Copy every line of the following data that includes the string "OBJECT".

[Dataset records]
------------------------------------------------------------
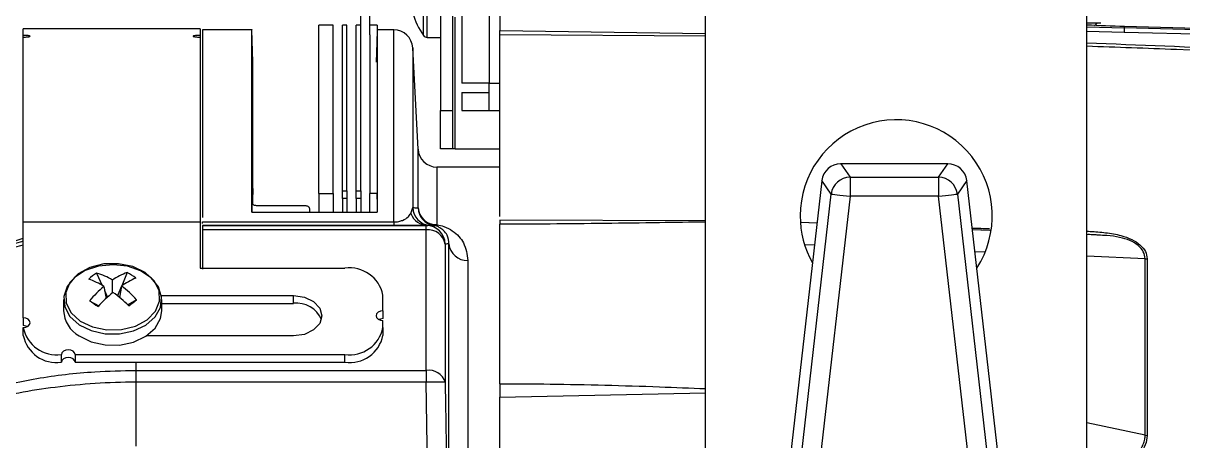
# Model space of a CAD drawing. Extents: x 8 to 113, y 0 to 87.
# Drawn here: x 79.496 to 83.3, y 38.83 to 40.2 of the extents above; entities that cross this region are included whole.
import ezdxf

# ---------------------------------------------------------------- set-up
doc = ezdxf.new("R2010")
doc.units = 0
doc.header["$MEASUREMENT"] = 0
doc.layers.add('OBJECT', color=7, linetype='CONTINUOUS')

msp = doc.modelspace()

# ---------------------------------------------------------------- linework, layer by layer
at = {"layer": 'OBJECT'}
for p, q in [((80.8646, 46.4382), (80.8646, 39.9132)), ((80.9046, 46.4382), (80.9046, 39.9132)), ((80.9346, 46.3482), (80.9346, 40.0032)), ((81.0246, 46.3482), (81.0246, 40.0032)), ((81.7346, 36.0256), (81.7346, 44.9982)), ((82.9846, 36.0256), (82.9846, 44.9982)), ((80.809, 40.1595), (80.809, 40.417)), ((80.8212, 40.1532), (80.8212, 40.4232)), ((80.6032, 40.1617), (80.6032, 40.3432)), ((80.6332, 40.1617), (80.6332, 40.3432)), ((80.9134, 39.7882), (80.9134, 40.2192)), ((81.0596, 40.238), (81.0596, 40.1765)), ((80.0763, 40.1811), (79.4963, 40.1811)), ((79.4963, 40.1598), (79.4963, 40.1811)), ((80.0763, 40.1811), (80.0763, 40.1598)), ((80.2467, 40.1782), (80.0844, 40.1782)), ((80.0844, 40.1782), (80.0844, 39.5627)), ((80.2494, 40.0725), (80.2467, 40.1781)), ((80.5134, 40.1932), (80.4654, 40.1932)), ((80.4654, 39.641), (80.4654, 40.1932)), ((80.5134, 39.641), (80.5134, 40.1932)), ((80.5583, 40.1932), (80.5434, 40.1932)), ((80.5434, 39.6499), (80.5434, 40.1932)), ((80.5583, 39.6499), (80.5583, 40.1932)), ((80.6032, 40.1932), (80.5883, 40.1932)), ((80.5883, 39.6499), (80.5883, 40.1932)), ((80.6572, 40.1932), (80.6332, 40.1932)), ((80.6572, 40.1932), (80.6572, 39.641)), ((80.712, 40.1782), (80.6572, 40.1782)), ((80.712, 39.5481), (80.712, 40.1782)), ((81.0596, 40.1765), (81.7346, 40.1667)), ((83.0307, 40.2), (82.9846, 40.2)), ((82.9846, 40.1877), (83.1082, 40.1844)), ((83.1077, 40.1698), (82.9846, 40.1731)), ((83.1079, 40.1698), (83.1077, 40.1698)), ((87.3506, 40.059), (83.1079, 40.1698)), ((87.3509, 40.0777), (83.1082, 40.1888)), ((83.1082, 40.1844), (83.1082, 40.1888)), ((87.3509, 40.0735), (83.1082, 40.1844)), ((79.4963, 40.1544), (79.4963, 40.1598)), ((79.4963, 39.5481), (79.4963, 40.1544)), ((80.0763, 40.1598), (80.0763, 40.1544)), ((80.0763, 40.1544), (80.0763, 39.5481)), ((80.6032, 39.6499), (80.6032, 40.1617)), ((80.6332, 40.1617), (80.6332, 39.641)), ((80.8212, 40.1532), (80.8646, 40.1532)), ((81.0596, 39.5658), (81.0596, 40.1619)), ((81.7346, 40.157), (81.0596, 40.1619)), ((80.7913, 39.787), (80.7739, 40.1195)), ((80.7739, 40.1195), (80.7739, 39.5953)), ((80.2494, 39.6386), (80.2494, 40.0732)), ((81.0246, 40.0032), (80.9346, 40.0032)), ((80.9346, 39.9732), (80.9346, 39.9132)), ((80.9346, 39.9732), (81.0246, 39.9732)), ((81.0246, 39.9132), (81.0246, 40.0032)), ((81.0246, 40.0032), (81.0596, 40.0032)), ((80.8646, 39.7882), (80.8646, 39.9132)), ((80.8646, 39.9132), (80.9046, 39.9132)), ((80.9046, 39.9132), (80.9046, 39.7882)), ((80.9346, 39.9132), (81.0246, 39.9132)), ((81.0246, 39.9132), (81.0596, 39.9132)), ((80.7913, 39.5942), (80.7913, 39.787)), ((80.9046, 39.7882), (80.8646, 39.7882)), ((80.9134, 39.7882), (80.9046, 39.7882)), ((80.9134, 39.7882), (81.0596, 39.7882)), ((80.2463, 39.7592), (80.2494, 39.6386)), ((81.0596, 39.7282), (80.8533, 39.7282)), ((80.8533, 39.7282), (80.8533, 39.5392)), ((82.5293, 39.7388), (82.1773, 39.7388)), ((82.178, 39.7385), (82.2082, 39.6948)), ((82.5286, 39.7385), (82.178, 39.7385)), ((82.4984, 39.6948), (82.5286, 39.7385)), ((82.1154, 39.6825), (81.9865, 38.5509)), ((82.1153, 39.6825), (81.9876, 38.5623)), ((82.1153, 39.6825), (82.1154, 39.6825)), ((82.1155, 39.6848), (82.1156, 39.684)), ((82.1463, 39.6396), (82.1156, 39.684)), ((82.2082, 39.6948), (82.2082, 39.6325)), ((82.2082, 39.6948), (82.4984, 39.6948)), ((82.4984, 39.6948), (82.4984, 39.6325)), ((82.5911, 39.684), (82.5604, 39.6396)), ((82.5911, 39.684), (82.5911, 39.6848)), ((82.7202, 38.5509), (82.5912, 39.6825)), ((82.5912, 39.6825), (82.5914, 39.6825)), ((82.719, 38.5623), (82.5914, 39.6825)), ((80.2494, 39.6299), (80.2494, 39.6386)), ((80.4654, 39.641), (80.5134, 39.641)), ((80.4654, 39.641), (80.4654, 39.5803)), ((80.5134, 39.641), (80.5134, 39.5803)), ((80.5434, 39.6499), (80.5583, 39.6499)), ((80.5434, 39.6248), (80.5434, 39.6499)), ((80.5583, 39.6499), (80.5583, 39.6248)), ((80.5883, 39.6499), (80.6032, 39.6499)), ((80.5883, 39.6248), (80.5883, 39.6499)), ((80.6032, 39.6499), (80.6032, 39.6248)), ((80.6572, 39.641), (80.6332, 39.641)), ((80.6332, 39.5803), (80.6332, 39.641)), ((80.6572, 39.6231), (80.6572, 39.641)), ((82.0222, 38.5509), (82.1463, 39.6396)), ((82.2082, 39.6325), (82.0842, 38.5439)), ((82.4984, 39.6325), (82.2082, 39.6325)), ((82.6225, 38.5439), (82.4984, 39.6325)), ((82.5604, 39.6396), (82.6844, 38.5509)), ((80.2494, 39.6299), (80.2494, 39.6299)), ((80.2494, 39.6058), (80.2494, 39.6299)), ((80.4209, 39.6013), (80.2614, 39.6015)), ((80.5583, 39.6248), (80.5434, 39.6248)), ((80.5434, 39.6248), (80.5434, 39.5803)), ((80.5583, 39.6248), (80.5583, 39.5803)), ((80.6032, 39.6248), (80.5883, 39.6248)), ((80.5883, 39.6248), (80.5883, 39.5803)), ((80.6032, 39.6248), (80.6032, 39.5803)), ((80.7678, 39.576), (80.7739, 39.5953)), ((80.2461, 39.5803), (80.6578, 39.5803)), ((80.4364, 39.5803), (80.4362, 39.591)), ((79.4963, 39.2335), (79.4963, 39.5481)), ((79.4963, 39.5481), (80.0763, 39.5481)), ((80.0763, 39.5481), (80.0763, 39.3961)), ((80.0844, 39.5481), (80.712, 39.5481)), ((80.0844, 39.5433), (80.0844, 39.5481)), ((80.0844, 39.5364), (80.8183, 39.5364)), ((80.0844, 39.5364), (80.0844, 39.5221)), ((80.0844, 39.5364), (80.0844, 39.5364)), ((80.712, 39.5364), (80.0844, 39.5364)), ((80.8183, 39.5221), (80.0844, 39.5221)), ((80.0844, 39.5221), (80.0844, 39.3935)), ((80.712, 39.5481), (80.712, 39.5364)), ((80.8183, 39.5364), (80.8235, 39.5365)), ((80.8183, 39.5221), (80.8183, 39.5364)), ((80.8183, 39.0611), (80.8183, 39.5221)), ((80.8303, 39.5363), (80.8235, 39.5365)), ((81.7346, 39.5518), (81.0596, 39.5538)), ((81.0596, 39.0177), (81.0596, 39.5408)), ((82.0995, 39.5444), (82.0453, 39.5467)), ((82.0995, 39.5442), (82.049, 39.5464)), ((82.6709, 39.5202), (82.6096, 39.5228)), ((82.6646, 39.5202), (82.6096, 39.5225)), ((79.3722, 39.4538), (79.4963, 39.4952)), ((83.0223, 39.505), (82.9846, 39.5066)), ((80.8803, 39.4756), (80.8803, 39.0225)), ((80.8928, 38.121), (80.8928, 39.4761)), ((82.0912, 39.4716), (82.0596, 39.4729)), ((82.6511, 39.4489), (82.6178, 39.4503)), ((80.9548, 39.4221), (80.9548, 38.0946)), ((83.1761, 39.4277), (82.9846, 39.4354)), ((79.7372, 39.3801), (79.7558, 39.3398)), ((79.8377, 39.3823), (79.8194, 39.3385)), ((80.0763, 39.3961), (80.5513, 39.3961)), ((79.761, 39.3367), (79.768, 39.2971)), ((79.7891, 39.3157), (79.7889, 39.3577)), ((79.8181, 39.3355), (79.8056, 39.3056)), ((79.8186, 39.3379), (79.812, 39.3004)), ((79.6288, 39.2941), (79.6288, 39.2571)), ((79.7142, 39.2895), (79.744, 39.2732)), ((79.7634, 39.3231), (79.7732, 39.3019)), ((79.8684, 39.2928), (79.8391, 39.2763)), ((79.9498, 39.3067), (80.3828, 39.3067)), ((79.9508, 39.2571), (79.9508, 39.2941)), ((80.3828, 39.2812), (80.3828, 39.3067)), ((80.6763, 39.2565), (80.6763, 39.3078)), ((79.9508, 39.2812), (80.3828, 39.2812)), ((80.6763, 39.2565), (80.6763, 39.231)), ((79.4963, 39.2335), (79.4963, 39.2081)), ((80.6763, 39.2017), (80.6763, 39.2247)), ((79.4963, 39.1762), (79.4963, 39.2017)), ((80.3828, 39.1745), (79.9005, 39.1745)), ((80.6763, 39.2017), (80.6763, 39.1762)), ((79.6213, 39.1133), (79.6218, 39.1133)), ((79.6213, 39.1133), (79.6213, 39.0878)), ((79.6218, 39.0878), (79.6218, 39.1133)), ((79.6668, 39.1133), (80.5513, 39.1133)), ((79.6668, 39.1133), (79.6668, 39.0878)), ((80.5513, 39.0878), (80.5513, 39.1133)), ((79.6213, 39.0878), (79.6218, 39.0878)), ((79.6668, 39.0878), (80.5513, 39.0878)), ((79.8654, 39.0878), (79.8654, 39.0611)), ((79.8654, 39.0611), (79.8654, 39.0226)), ((79.8654, 39.0611), (80.8183, 39.0611)), ((80.8183, 39.0611), (80.8183, 39.0226)), ((79.8654, 39.0226), (79.8654, 38.8127)), ((80.8183, 39.0226), (79.8654, 39.0226)), ((80.8235, 38.6873), (80.8183, 39.0226)), ((81.0596, 38.9731), (81.7346, 38.988)), ((81.0596, 38.8054), (81.0596, 38.9731)), ((83.1761, 38.8484), (82.9846, 38.8888)), ((83.1761, 38.8484), (83.1831, 38.848))]:
    msp.add_line(p, q, dxfattribs=at)
at = {"layer": 'OBJECT', "flags": 128}
for points in [[(80.6571, 40.1763), (80.6561, 40.1376), (80.6544, 40.0725)], [(83.0105, 40.1926), (83.015, 40.1968), (83.018, 40.2)], [(83.0108, 40.1926), (83.0151, 40.1967), (83.0182, 40.2)], [(82.1463, 39.6396), (82.1482, 39.6394), (82.1522, 39.6389), (82.1581, 39.6382), (82.1659, 39.6373), (82.1751, 39.6363), (82.1854, 39.6351), (82.1966, 39.6338), (82.2082, 39.6325)], [(82.4984, 39.6325), (82.51, 39.6338), (82.5212, 39.6351), (82.5316, 39.6363), (82.5408, 39.6373), (82.5485, 39.6382), (82.5545, 39.6389), (82.5585, 39.6394), (82.5604, 39.6396)], [(79.6794, 39.2112), (79.7189, 39.1919), (79.7647, 39.1817), (79.8126, 39.1814), (79.8586, 39.1912), (79.8985, 39.2101), (79.9286, 39.2365), (79.9465, 39.268), (79.9504, 39.3018), (79.9401, 39.335), (79.9164, 39.3645), (79.8814, 39.3877), (79.8383, 39.4027), (79.7909, 39.408), (79.7434, 39.4032), (79.7001, 39.3887), (79.6646, 39.3657), (79.6403, 39.3365), (79.6293, 39.3035), (79.6326, 39.2696), (79.6498, 39.2379), (79.6794, 39.2112)], [(79.6837, 39.223), (79.7237, 39.2037), (79.7702, 39.1941), (79.8186, 39.1951), (79.8642, 39.2067), (79.9025, 39.2276), (79.9298, 39.256), (79.9434, 39.2888), (79.9419, 39.3231), (79.9256, 39.3553), (79.8959, 39.3824), (79.8559, 39.4017), (79.8094, 39.4113), (79.761, 39.4103), (79.7154, 39.3987), (79.677, 39.3777), (79.6498, 39.3494), (79.6362, 39.3165), (79.6376, 39.2823), (79.654, 39.2501), (79.6837, 39.223)], [(80.3828, 39.3067), (80.4186, 39.3017), (80.4489, 39.2873), (80.4692, 39.2659), (80.4763, 39.2406), (80.4692, 39.2153), (80.4489, 39.1938), (80.4186, 39.1795), (80.3828, 39.1745)], [(79.6794, 39.1742), (79.7189, 39.1549), (79.7647, 39.1447), (79.8126, 39.1444), (79.8586, 39.1542), (79.8985, 39.1731), (79.9286, 39.1995), (79.9465, 39.231), (79.9508, 39.2571)], [(80.6763, 39.2565), (80.6677, 39.2553), (80.6604, 39.2518), (80.6555, 39.2467), (80.6538, 39.2406), (80.6555, 39.2345), (80.6604, 39.2293), (80.6677, 39.2259), (80.6763, 39.2247)], [(79.4963, 39.2017), (79.5049, 39.2029), (79.5122, 39.2064), (79.5171, 39.2115), (79.5188, 39.2176), (79.5171, 39.2237), (79.5122, 39.2289), (79.5049, 39.2323), (79.4963, 39.2335)], [(80.6763, 39.231), (80.6677, 39.2298), (80.6628, 39.2279)], [(79.5098, 39.2049), (79.5049, 39.2068), (79.4963, 39.2081)], [(79.6668, 39.1133), (79.6651, 39.1194), (79.6602, 39.1246), (79.6529, 39.128), (79.6443, 39.1292), (79.6357, 39.128), (79.6284, 39.1246), (79.6235, 39.1194), (79.6218, 39.1133)], [(79.6668, 39.0878), (79.6651, 39.0939), (79.6602, 39.0991), (79.6529, 39.1025), (79.6443, 39.1038), (79.6357, 39.1025), (79.6284, 39.0991), (79.6235, 39.0939), (79.6218, 39.0878)]]:
    msp.add_lwpolyline(points, dxfattribs=at)
at = {"layer": 'OBJECT'}
for centre, radius, start, end in [((80.9884, 40.2882), 0.2208, 194.3896, 215.6682), ((80.712, 40.1162), 0.062, 3, 90), ((81.0596, -10.4298), 50.66, 87.68235, 87.82233), ((80.324, 40.2857), 2.7861, 357.6154, 357.9153), ((80.8212, 40.1682), 0.015, 215.6682, 270), ((82.3596, 39.5682), 0.315, 327.0561, 180), ((80.8533, 39.7902), 0.062, 183, 270), ((82.2085, 39.632), 0.0627, 90.3087, 173.1032), ((82.4981, 39.632), 0.0627, 6.8968, 89.6913), ((80.8358, 39.598), 0.062, 182.5106, 264.8718), ((80.8533, 39.5972), 0.062, 182.7994, 260.9518), ((80.8514, 39.5996), 0.0603, 185.1121, 271.7203), ((80.8241, 39.5964), 0.0599, 199.9391, 269.4293), ((82.3596, 39.5682), 0.315, 180, 209.2401), ((80.8183, 39.4744), 0.062, 1.1516, 89.9958), ((80.8244, 39.4657), 0.0568, 10.0796, 96.1485), ((80.8447, 39.5487), 0.0128, 264.8306, 312.121), ((80.9518, 39.4812), 0.0592, 184.9587, 272.8856), ((79.8385, 39.2182), 0.191, 122.0144, 131.8138), ((79.6745, 39.1649), 0.2242, 59.3227, 73.7602), ((79.9094, 39.1792), 0.2153, 109.4641, 124.0335), ((79.7427, 39.2095), 0.1972, 51.5104, 61.194), ((80.5669, 39.2857), 0.1116, 11.4217, 98.0496), ((79.6207, 39.107), 0.2692, 58.5878, 70.3696), ((80.0123, 39.0408), 0.3883, 130.334, 140.1598), ((79.9679, 39.123), 0.2617, 113.0565, 124.7896), ((79.5888, 39.0342), 0.3809, 42.7655, 52.8975), ((81.9333, 42.5934), 3.98, 236.1125, 236.5917), ((80.1179, 38.9207), 0.5139, 129.5503, 137.0243), ((79.4967, 38.9176), 0.4959, 45.8155, 53.6482), ((78.4157, 41.1995), 2.3971, 306.5243, 307.3039), ((79.7298, 39.2619), 0.1011, 182.7052, 240.1438), ((80.3929, 39.1931), 0.0887, 23.0747, 96.5383), ((79.6057, 39.2238), 0.1116, 191.4217, 278.0494), ((79.6057, 39.1983), 0.1116, 191.4218, 278.0494), ((80.5669, 39.2238), 0.1116, 261.9505, 348.5783), ((80.5669, 39.1983), 0.1116, 261.9506, 348.5782), ((80.8272, 39.0062), 0.0556, 17.0332, 99.1638), ((80.8486, 38.092), 0.9311, 88.0511, 91.8659)]:
    msp.add_arc(centre, radius, start, end, dxfattribs=at)
for centre, major_axis, ratio, start_param, end_param in [((82.178, 39.6763), (0.0606, -0.017), 0.988785, 1.841761, 3.2937), ((82.5286, 39.6763), (0.0606, 0.017), 0.988785, 6.131077, 7.583017), ((82.1159, 39.6825), (0.00086, 0.0075), 0.069473, 1.372627, 1.57875), ((82.5907, 39.6825), (-0.00086, 0.0075), 0.069473, 4.704435, 4.910558)]:
    msp.add_ellipse(centre, major_axis=major_axis, ratio=ratio, start_param=start_param, end_param=end_param, dxfattribs=at)
for points, knots in [([(80.2463, 39.7592), (80.2463, 39.8022), (80.2464, 39.8883), (80.2465, 39.992), (80.2466, 40.0752), (80.2466, 40.1352), (80.2467, 40.1683), (80.2467, 40.1821), (80.2467, 40.1781), (80.2467, 40.1781)], [0, 0, 0, 0, 0.164694, 0.329387, 0.498866, 0.668344, 0.833038, 0.997732, 1, 1, 1, 1]), ([(80.6572, 40.1763), (80.6572, 40.1755), (80.6572, 40.1739), (80.6572, 40.1428), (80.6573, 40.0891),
------------------------------------------------------------
§ **EXPECTED OUTPUT**
doc.layers.add('OBJECT', color=7, linetype='CONTINUOUS')
at = {"layer": 'OBJECT'}
at = {"layer": 'OBJECT', "flags": 128}
at = {"layer": 'OBJECT'}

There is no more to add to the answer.